Le cube Rubiks
Qu’on se le dise, l’humain a la fâcheuse tendance de juger tout ce qui entre dans son champ de vision. Il jette simplement un regard et ensuite, il tire ses propres conclusions.
Amélie Vallée.
À la manière des aliments défilant sur le tapis de la caissière à l’épicerie, nous sommes à la merci du rayon infra-rouge qui déterminera notre valeur.
Personne n’aime être jugé par les siens. Malheureusement, on a tous vécu un moment où le regard des autres s’est posé sur nous de façon indélicate. Et à l’inverse, on a tous déjà été l’instigateur d’un regard attentatoire.
Pour quelle sacro-sainte raison avons-nous ce réflexe primaire d’évaluer la qualité de quelqu’un par ce qui est perceptible? Parce que, disons-le, si on ne s’était attardé qu’à l’apparence d’une racine de gingembre, on n’en n’aurait probablement jamais connu les vertus!
Je sais. C’est difficile de l’admettre. Nous ressentons un malaise avec ce côté de notre personnalité. Pourtant, il est bien présent.
J’ai parfois l’impression que nous jugeons les autres pour assouvir un trouble obsessionnel compulsif: celui du classement. Un peu comme si on ressentait un contentement à classer les gens dans des cases hermétiques. La même satisfaction que celle qui naissait lorsqu’on complétait un cube Rubiks avec succès. Souvenons-nous: on alignait toutes les cases jaunes d’un côté du prisme, les bleues sur le haut, les blanches en-dessous et ainsi de suite… Qu’une personne déambule devant nous avec un t-shirt de loup, un toupet mauve ou un tatou de Betty Boop, notre cerveau se fera un plaisir de lui attribuer une case.

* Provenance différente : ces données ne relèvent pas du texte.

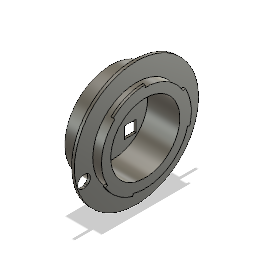
mft_multi_pinhole_lens (Autodesk Fusion 360 design; units mm, degrees)
Autodesk Fusion 360 part; units mm, degrees
sketch "スケッチ1" plane through (0, 0, 0) normal (1, 0, 0) x (0, 0, -1)
  circle A0 centre (0, 0) radius 27
  dimension "d1" = 54
  measures "d1" diameter of A0
extrude "押し出し1" add sketch "スケッチ1" along normal blind 1.2
sketch "スケッチ2" plane through (1.2, 0, 0) normal (1, 0, 0) x (0, 0, -1)
  circle A0 centre (0, 0) radius 27
  circle A1 centre (0, 0) radius 19
  dimension "d4" = 38
  measures "d4" diameter of A1
extrude "押し出し2" add sketch "スケッチ2" along normal blind 3.8 contours A1
sketch "スケッチ7" plane through (5, 0, 0) normal (1, 0, 0) x (0, 0, -1)
  circle A0 centre (0, 0) radius 19
  arc A1 (0, 20) -> (-13.9054, 14.375) centre (0, 0) ccw
  arc A2 (-17.3011, -10.0336) -> (-5.4591, -19.2405) centre (0, 0) ccw
  arc A3 (19.3599, -5.0193) -> (17.3316, 9.9807) centre (0, 0) ccw
  line L0 (17.3316, 9.9807) -> (0, 0)
  line L1 (0, 0) -> (19.3599, -5.0193)
  line L2 (0, 20) -> (0, 0)
  line L3 (-13.9054, 14.375) -> (0, 0)
  line L4 (-17.3011, -10.0336) -> (0, 0)
  line L5 (-5.4591, -19.2405) -> (0, 0)
  dimension "d10" = 20
  dimension "d11" = 20
  dimension "d12" = 20
  dimension "d13" = 15
  dimension "d14" = 15
  dimension "d15" = 15
  measures "d10" radius of A1
  measures "d11" radius of A2
  measures "d12" radius of A3
  measures "d14" distance of A0.centre
extrude "押し出し3" add sketch "スケッチ7" against normal blind 1 contours A0 A3 L0 L1 | A0 A1 L2 L3 | A0 A2 L4 L5
sketch "スケッチ12" plane through (1.2, 0, 0) normal (1, 0, 0) x (0, 0, -1)
  circle A0 centre (0, 0) radius 19
  circle A1 centre (0, 0) radius 27
  arc A2 (-24.592, -5.0724) -> (-22.0631, -9.3178) centre (-23, -7) ccw
  arc A3 (-21.3514, -8.9648) -> (-23.2882, -4.3834) centre (-22.5544, -6.7733) ccw
  line L0 (-22.0631, -9.3178) -> (-21.3514, -8.9648)
  line L1 (-24.592, -5.0724) -> (-23.2882, -4.3834)
  dimension "d38" = 2.5
  dimension "d39" = 2.5
  dimension "d62" = 0.5
  dimension "d63" = 1.476
  measures "d38" radius of A2
  measures "d39" radius of A3
  measures "d63" angle of L0 L1
extrude "押し出し10" cut sketch "スケッチ12" against normal blind 11 contours A2 A3 L0 L1
sketch "スケッチ8" plane through (0, 0, 0) normal (-1, 0, 0) x (0, 0, 1)
  circle A0 centre (0, 0) radius 27
  circle A1 centre (0, 0) radius 20
  arc A2 (23.2882, -4.3834) -> (21.3514, -8.9648) centre (22.5544, -6.7733) ccw
  line L0 (23.2882, -4.3834) -> (24.592, -5.0724)
  arc A3 (22.0631, -9.3178) -> (24.592, -5.0724) centre (23, -7) ccw
  line L1 (22.0631, -9.3178) -> (21.3514, -8.9648)
  dimension "d18" = 40
  measures "d18" diameter of A1
extrude "押し出し4" add sketch "スケッチ8" along normal blind 10 contours A1
sketch "スケッチ9" plane through (5, 0, 0) normal (1, 0, 0) x (0, 0, -1)
  arc A0 (16.465, 9.4817) -> (0, 19) centre (0, 0) ccw
  line L0 (0, 19) -> (0, 20)
  arc A1 (0, 20) -> (-13.9054, 14.375) centre (0, 0) ccw
  line L1 (-13.9054, 14.375) -> (-13.2101, 13.6563)
  arc A2 (-13.2101, 13.6563) -> (-16.436, -9.5319) centre (0, 0) ccw
  line L2 (-16.436, -9.5319) -> (-17.3011, -10.0336)
  arc A3 (-17.3011, -10.0336) -> (-5.4591, -19.2405) centre (0, 0) ccw
  line L3 (-5.4591, -19.2405) -> (-5.1861, -18.2785)
  arc A4 (-5.1861, -18.2785) -> (18.3919, -4.7683) centre (0, 0) ccw
  line L4 (18.3919, -4.7683) -> (19.3599, -5.0193)
  arc A5 (19.3599, -5.0193) -> (17.3316, 9.9807) centre (0, 0) ccw
  line L5 (17.3316, 9.9807) -> (16.465, 9.4817)
  circle A6 centre (0, 0) radius 15
  dimension "d21" = 30
  measures "d21" diameter of A6
extrude "押し出し5" cut sketch "スケッチ9" against normal blind 14 contours A6
sketch "スケッチ11" plane through (-9, 0, 0) normal (1, 0, 0) x (0, 0, -1)
  circle A0 centre (0, 0) radius 15
  line L0 (-2.5, 2.5) -> (2.5, 2.5)
  line L1 (2.5, 2.5) -> (2.5, -2.5)
  line L2 (2.5, -2.5) -> (-2.5, -2.5)
  line L3 (-2.5, -2.5) -> (-2.5, 2.5)
  line L4 (5, 10) -> (10, 10)
  line L5 (10, 10) -> (10, 5)
  line L6 (10, 5) -> (5, 5)
  line L7 (5, 5) -> (5, 10)
  line L8 (-10, 10) -> (-5, 10)
  line L9 (-5, 10) -> (-5, 5)
  line L10 (-5, 5) -> (-10, 5)
  line L11 (-10, 5) -> (-10, 10)
  line L12 (-10, -5) -> (-5, -5)
  line L13 (-5, -5) -> (-5, -10)
  line L14 (-5, -10) -> (-10, -10)
  line L15 (-10, -10) -> (-10, -5)
  line L16 (5, -5) -> (10, -5)
  line L17 (10, -5) -> (10, -10)
  line L18 (10, -10) -> (5, -10)
  line L19 (5, -10) -> (5, -5)
  dimension "d42" = 5
  dimension "d43" = 2.5
  dimension "d44" = 2.5
  dimension "d45" = 5
  dimension "d46" = 5
  dimension "d47" = 5
  dimension "d48" = 5
  dimension "d49" = 5
  dimension "d50" = 5
  dimension "d51" = 5
  dimension "d52" = 5
  dimension "d53" = 5
  dimension "d54" = 5
  dimension "d55" = 5
  dimension "d56" = 5
  dimension "d57" = 5
  dimension "d58" = 5
  dimension "d59" = 5
  measures "d43" distance of A0.centre L1
  measures "d44" distance of A0.centre L0
  measures "d47" distance of A0.centre L6
  measures "d48" distance of A0.centre L7
  measures "d51" distance of A0.centre L10
  measures "d52" distance of A0.centre L9
  measures "d53" distance of A0.centre L13
  measures "d54" distance of A0.centre L19
  measures "d59" distance of A0.centre L12
extrude "押し出し11" cut sketch "スケッチ11" against normal blind 5 contours L0 L1 L2 L3 | L4 L5 L6 L7 | L8 L9 L10 L11 | L12 L13 L14 L15 | L16 L17 L18 L19

Je vous entends me dire que ce ne sont pas tous les gens qui passent leur temps à juger. Effectivement, je vous l’accorde, certains maîtrisent l’art du cube Rubiks avec une habileté plus déconcertante que d’autres!
Tout de même.
Je pense que peu importe la fréquence à laquelle on ressort notre cube Rubiks, on devrait réinventer notre façon d’y jouer. Pourquoi ne pas plutôt viser un cube qui ne rallie pas les mêmes couleurs d’un même côté? Il sera inévitablement moins réussi d’un point de vue esthétique… Mais, peut-être que la case jaune prendrait plaisir à côtoyer la case bleue si on lui en laissait la possibilité. Il se pourrait même qu’elles se trouvent des affinités entre elles, non?
Puisque sous l’étiquette colorée se cache immanquablement une profondeur infinie impossible à détecter avec un simple coup d’œil, que diriez-vous si en ce début d’année, on essayait de cesser de se gaver dans ce qui paraît? Peut-être nous resterait-il un petit peu d’appétit pour goûter à l’imperceptible?